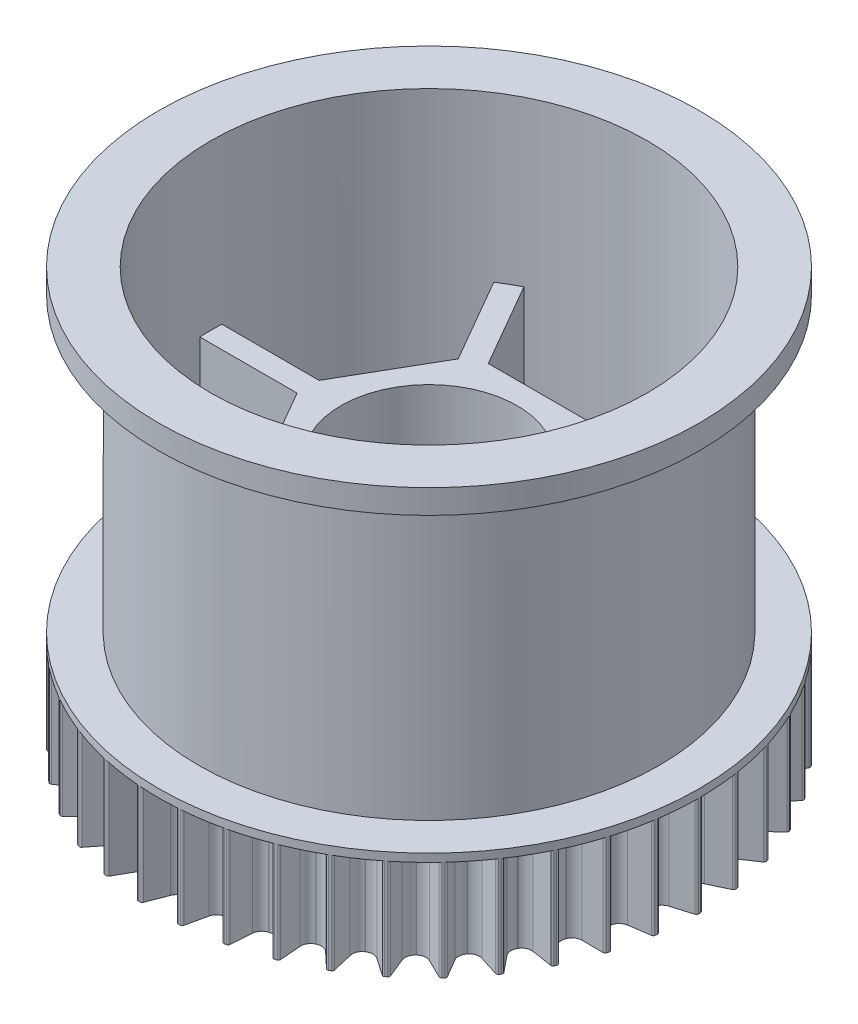
SolidWorks part; units mm, degrees
ref_plane "前视基准面" through (0, 0, 0) normal (0, 0, 1) x (1, 0, 0)
ref_plane "上视基准面" through (0, 0, 0) normal (0, 1, 0) x (1, 0, 0)
ref_plane "右视基准面" through (0, 0, 0) normal (1, 0, 0) x (0, 0, -1)
other "Configuration Table"
sketch "草图1" plane through (0, 0, 0) normal (0, 1, 0) x (1, 0, 0)
  line L0 (0, 0) -> (7.9279, 0) construction
  line L1 (0, 0) -> (0, 4.4256) construction
  line L2 (12.4216, 0.4494) -> (13.4287, 0.1463)
  line L3 (12.4216, -0.4494) -> (13.4287, -0.1463)
  line L4 (12.2159, -2.2957) -> (13.2569, -2.1461)
  line L5 (12.3499, -1.407) -> (13.3005, -1.8568)
  line L6 (11.7373, -4.0908) -> (12.789, -4.098)
  line L7 (12.0023, -3.2319) -> (12.8752, -3.8184)
  line L8 (10.9965, -5.7945) -> (12.0354, -5.9583)
  line L9 (11.3865, -4.9846) -> (12.1623, -5.6947)
  line L10 (10.0101, -7.3687) -> (11.0129, -7.6855)
  line L11 (10.5164, -6.626) -> (11.1777, -7.4438)
  line L12 (8.8, -8.7783) -> (9.7445, -9.2411)
  line L13 (9.4114, -8.1194) -> (9.9434, -9.0266)
  line L14 (7.3934, -9.9918) -> (8.2583, -10.5902)
  line L15 (8.0961, -9.4314) -> (8.487, -10.4078)
  line L16 (5.8216, -10.9822) -> (6.5877, -11.7028)
  line L17 (6.6, -10.5328) -> (6.841, -11.5565)
  line L18 (4.1198, -11.7272) -> (4.7699, -12.5539)
  line L19 (4.9565, -11.3988) -> (5.0422, -12.447)
  line L20 (2.3259, -12.2102) -> (2.8456, -13.1246)
  line L21 (3.2022, -12.0102) -> (3.1308, -13.0595)
  line L22 (0.4801, -12.4205) -> (0.8577, -13.4021)
  line L23 (1.3764, -12.3533) -> (1.1494, -13.3802)
  line L24 (-1.3764, -12.3533) -> (-1.1494, -13.3802)
  line L25 (-0.4801, -12.4205) -> (-0.8577, -13.4021)
  line L26 (-3.2022, -12.0102) -> (-3.1308, -13.0595)
  line L27 (-2.3259, -12.2102) -> (-2.8456, -13.1246)
  line L28 (-4.9565, -11.3988) -> (-5.0422, -12.447)
  line L29 (-4.1198, -11.7272) -> (-4.7699, -12.5539)
  line L30 (-6.6, -10.5328) -> (-6.841, -11.5565)
  line L31 (-5.8216, -10.9822) -> (-6.5877, -11.7028)
  line L32 (-8.0961, -9.4314) -> (-8.487, -10.4078)
  line L33 (-7.3934, -9.9918) -> (-8.2583, -10.5902)
  line L34 (-9.4114, -8.1194) -> (-9.9434, -9.0266)
  line L35 (-8.8, -8.7783) -> (-9.7445, -9.2411)
  line L36 (-10.5164, -6.626) -> (-11.1777, -7.4438)
  line L37 (-10.0101, -7.3687) -> (-11.0129, -7.6855)
  line L38 (-11.3865, -4.9846) -> (-12.1623, -5.6947)
  line L39 (-10.9965, -5.7945) -> (-12.0354, -5.9583)
  line L40 (-12.0023, -3.2319) -> (-12.8752, -3.8184)
  line L41 (-11.7373, -4.0908) -> (-12.789, -4.098)
  line L42 (-12.3499, -1.407) -> (-13.3005, -1.8568)
  line L43 (-12.2159, -2.2957) -> (-13.2569, -2.1461)
  line L44 (-12.4216, 0.4494) -> (-13.4287, 0.1463)
  line L45 (-12.4216, -0.4494) -> (-13.4287, -0.1463)
  line L46 (-12.2159, 2.2957) -> (-13.2569, 2.1461)
  line L47 (-12.3499, 1.407) -> (-13.3005, 1.8568)
  line L48 (-11.7373, 4.0908) -> (-12.789, 4.098)
  line L49 (-12.0023, 3.2319) -> (-12.8752, 3.8184)
  line L50 (-10.9965, 5.7945) -> (-12.0354, 5.9583)
  line L51 (-11.3865, 4.9846) -> (-12.1623, 5.6947)
  line L52 (-10.0101, 7.3687) -> (-11.0129, 7.6855)
  line L53 (-10.5164, 6.626) -> (-11.1777, 7.4438)
  line L54 (-8.8, 8.7783) -> (-9.7445, 9.2411)
  line L55 (-9.4114, 8.1194) -> (-9.9434, 9.0266)
  line L56 (-7.3934, 9.9918) -> (-8.2583, 10.5902)
  line L57 (-8.0961, 9.4314) -> (-8.487, 10.4078)
  line L58 (-5.8216, 10.9822) -> (-6.5877, 11.7028)
  line L59 (-6.6, 10.5328) -> (-6.841, 11.5565)
  line L60 (-4.1198, 11.7272) -> (-4.7699, 12.5539)
  line L61 (-4.9565, 11.3988) -> (-5.0422, 12.447)
  line L62 (-2.3259, 12.2102) -> (-2.8456, 13.1246)
  line L63 (-3.2022, 12.0102) -> (-3.1308, 13.0595)
  line L64 (-0.4801, 12.4205) -> (-0.8577, 13.4021)
  line L65 (-1.3764, 12.3533) -> (-1.1494, 13.3802)
  line L66 (1.3764, 12.3533) -> (1.1494, 13.3802)
  line L67 (0.4801, 12.4205) -> (0.8577, 13.4021)
  line L68 (3.2022, 12.0102) -> (3.1308, 13.0595)
  line L69 (2.3259, 12.2102) -> (2.8456, 13.1246)
  line L70 (4.9565, 11.3988) -> (5.0422, 12.447)
  line L71 (4.1198, 11.7272) -> (4.7699, 12.5539)
  line L72 (6.6, 10.5328) -> (6.841, 11.5565)
  line L73 (5.8216, 10.9822) -> (6.5877, 11.7028)
  line L74 (8.0961, 9.4314) -> (8.487, 10.4078)
  line L75 (7.3934, 9.9918) -> (8.2583, 10.5902)
  line L76 (9.4114, 8.1194) -> (9.9434, 9.0266)
  line L77 (8.8, 8.7783) -> (9.7445, 9.2411)
  line L78 (10.5164, 6.626) -> (11.1777, 7.4438)
  line L79 (10.0101, 7.3687) -> (11.0129, 7.6855)
  line L80 (11.3865, 4.9846) -> (12.1623, 5.6947)
  line L81 (10.9965, 5.7945) -> (12.0354, 5.9583)
  line L82 (12.0023, 3.2319) -> (12.8752, 3.8184)
  line L83 (11.7373, 4.0908) -> (12.789, 4.098)
  line L84 (12.3499, 1.407) -> (13.3005, 1.8568)
  line L85 (12.2159, 2.2957) -> (13.2569, 2.1461)
  line L95 (3.1754, 5.5) -> (-3.1754, 5.5) construction
  line L96 (3.1754, 5.5) -> (6.0333, 0.55) construction
  line L97 (0, 0) -> (3.1754, 5.5) construction
  line L98 (-3.1754, 5.5) -> (-6.0333, 0.55) construction
  line L99 (3.493, -4.95) -> (6.0333, -0.55)
  line L100 (2.5403, -5.5) -> (-2.5403, -5.5)
  line L101 (-3.493, -4.95) -> (-6.0333, -0.55)
  line L102 (8.1752, 0) -> (11.2, 0) construction
  line L103 (6.0333, 0.55) -> (11.1865, 0.55)
  line L104 (6.0333, -0.55) -> (11.1865, -0.55)
  line L105 (3.493, -4.95) -> (6.0696, -9.4128)
  line L106 (2.5403, -5.5) -> (5.1169, -9.9628)
  line L107 (-2.5403, -5.5) -> (-5.1169, -9.9628)
  line L108 (-3.493, -4.95) -> (-6.0696, -9.4128)
  line L109 (-6.0333, -0.55) -> (-11.1865, -0.55)
  line L110 (-6.0333, 0.55) -> (-11.1865, 0.55)
  line L111 (-3.493, 4.95) -> (-6.0696, 9.4128)
  line L112 (-2.5403, 5.5) -> (-5.1169, 9.9628)
  line L113 (2.5403, 5.5) -> (5.1169, 9.9628)
  line L114 (3.493, 4.95) -> (6.0696, 9.4128)
  line L115 (0, 0) -> (12.0337, 1.2648) construction
  line L116 (12.0337, -1.2648) -> (0, 0) construction
  line L117 (-6.0333, 0.55) -> (-3.493, 4.95)
  line L118 (-2.5403, 5.5) -> (2.5403, 5.5)
  line L119 (3.493, 4.95) -> (6.0333, 0.55)
  circle A0 centre (0, 0) radius 11.2 construction
  circle A1 centre (0, 0) radius 12.1 construction
  circle A2 centre (0, 0) radius 13.5 construction
  arc A3 (13.4999, 0.0509) -> (13.4999, -0.0509) centre (0, 0) cw
  arc A4 (12.0671, 0.8914) -> (12.0337, 1.2648) centre (0, 0) ccw construction
  arc A5 (13.4287, -0.1463) -> (13.4999, -0.0509) centre (13.3999, -0.0505) ccw
  arc A6 (13.4287, 0.1463) -> (13.4999, 0.0509) centre (13.3999, 0.0505) cw
  arc A7 (12.0671, -0.8914) -> (12.0337, -1.2648) centre (0, 0) cw construction
  arc A8 (12.4216, -0.4494) -> (12.0671, -0.8914) centre (12.5658, -0.9282) ccw
  arc A9 (12.4216, 0.4494) -> (12.0671, 0.8914) centre (12.5658, 0.9282) cw
  arc A10 (12.2159, -2.2957) -> (11.7995, -2.6799) centre (12.2871, -2.7907) ccw
  arc A11 (12.3499, -1.407) -> (12.0652, -0.9171) centre (12.5638, -0.955) cw
  arc A12 (13.3005, -1.8568) -> (13.3567, -1.9617) centre (13.2578, -1.9472) cw
  arc A13 (13.3567, -1.9617) -> (13.3415, -2.0624) centre (0, 0) cw
  arc A14 (13.2569, -2.1461) -> (13.3415, -2.0624) centre (13.2427, -2.0471) ccw
  arc A15 (11.7373, -4.0908) -> (11.2683, -4.4086) centre (11.7339, -4.5908) ccw
  arc A16 (12.0023, -3.2319) -> (11.7937, -2.7051) centre (12.2811, -2.8169) cw
  arc A17 (12.8752, -3.8184) -> (12.9151, -3.9305) centre (12.8195, -3.9014) cw
  arc A18 (12.9151, -3.9305) -> (12.8851, -4.0278) centre (0, 0) cw
  arc A19 (12.789, -4.098) -> (12.8851, -4.0278) centre (12.7897, -3.998) ccw
  arc A20 (10.9965, -5.7945) -> (10.4854, -6.0388) centre (10.9186, -6.2884) ccw
  arc A21 (11.3865, -4.9846) -> (11.2589, -4.4326) centre (11.7241, -4.6158) cw
  arc A22 (12.1623, -5.6947) -> (12.1851, -5.8115) centre (12.0948, -5.7685) cw
  arc A23 (12.1851, -5.8115) -> (12.1409, -5.9032) centre (0, 0) cw
  arc A24 (12.0354, -5.9583) -> (12.1409, -5.9032) centre (12.051, -5.8595) ccw
  arc A25 (10.0101, -7.3687) -> (9.4682, -7.5341) centre (9.8595, -7.8455) ccw
  arc A26 (10.5164, -6.626) -> (10.4724, -6.0612) centre (10.9052, -6.3116) cw
  arc A27 (11.1777, -7.4438) -> (11.1828, -7.5627) centre (11.1, -7.5067) cw
  arc A28 (11.1828, -7.5627) -> (11.1255, -7.6468) centre (0, 0) cw
  arc A29 (11.0129, -7.6855) -> (11.1255, -7.6468) centre (11.0431, -7.5902) ccw
  arc A30 (8.8, -8.7783) -> (8.2395, -8.8611) centre (8.58, -9.2273) ccw
  arc A31 (9.4114, -8.1194) -> (9.4521, -7.5543) centre (9.8427, -7.8665) cw
  arc A32 (9.9434, -9.0266) -> (9.9308, -9.145) centre (9.8572, -9.0772) cw
  arc A33 (9.9308, -9.145) -> (9.8615, -9.2196) centre (0, 0) cw
  arc A34 (9.7445, -9.2411) -> (9.8615, -9.2196) centre (9.7885, -9.1513) ccw
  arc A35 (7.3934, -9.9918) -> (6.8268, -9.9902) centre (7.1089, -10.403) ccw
——————
Would you please copy exactly the part of the entries above that begins at the line containing "line L117 (-6.0333, 0.55) -> (-3.493, 4.95)" and ends at the line containing "arc A5 (13.4287, -0.1463)", both lines included?

  line L117 (-6.0333, 0.55) -> (-3.493, 4.95)
  line L118 (-2.5403, 5.5) -> (2.5403, 5.5)
  line L119 (3.493, 4.95) -> (6.0333, 0.55)
  circle A0 centre (0, 0) radius 11.2 construction
  circle A1 centre (0, 0) radius 12.1 construction
  circle A2 centre (0, 0) radius 13.5 construction
  arc A3 (13.4999, 0.0509) -> (13.4999, -0.0509) centre (0, 0) cw
  arc A4 (12.0671, 0.8914) -> (12.0337, 1.2648) centre (0, 0) ccw construction
  arc A5 (13.4287, -0.1463) -> (13.4999, -0.0509) centre (13.3999, -0.0505) ccw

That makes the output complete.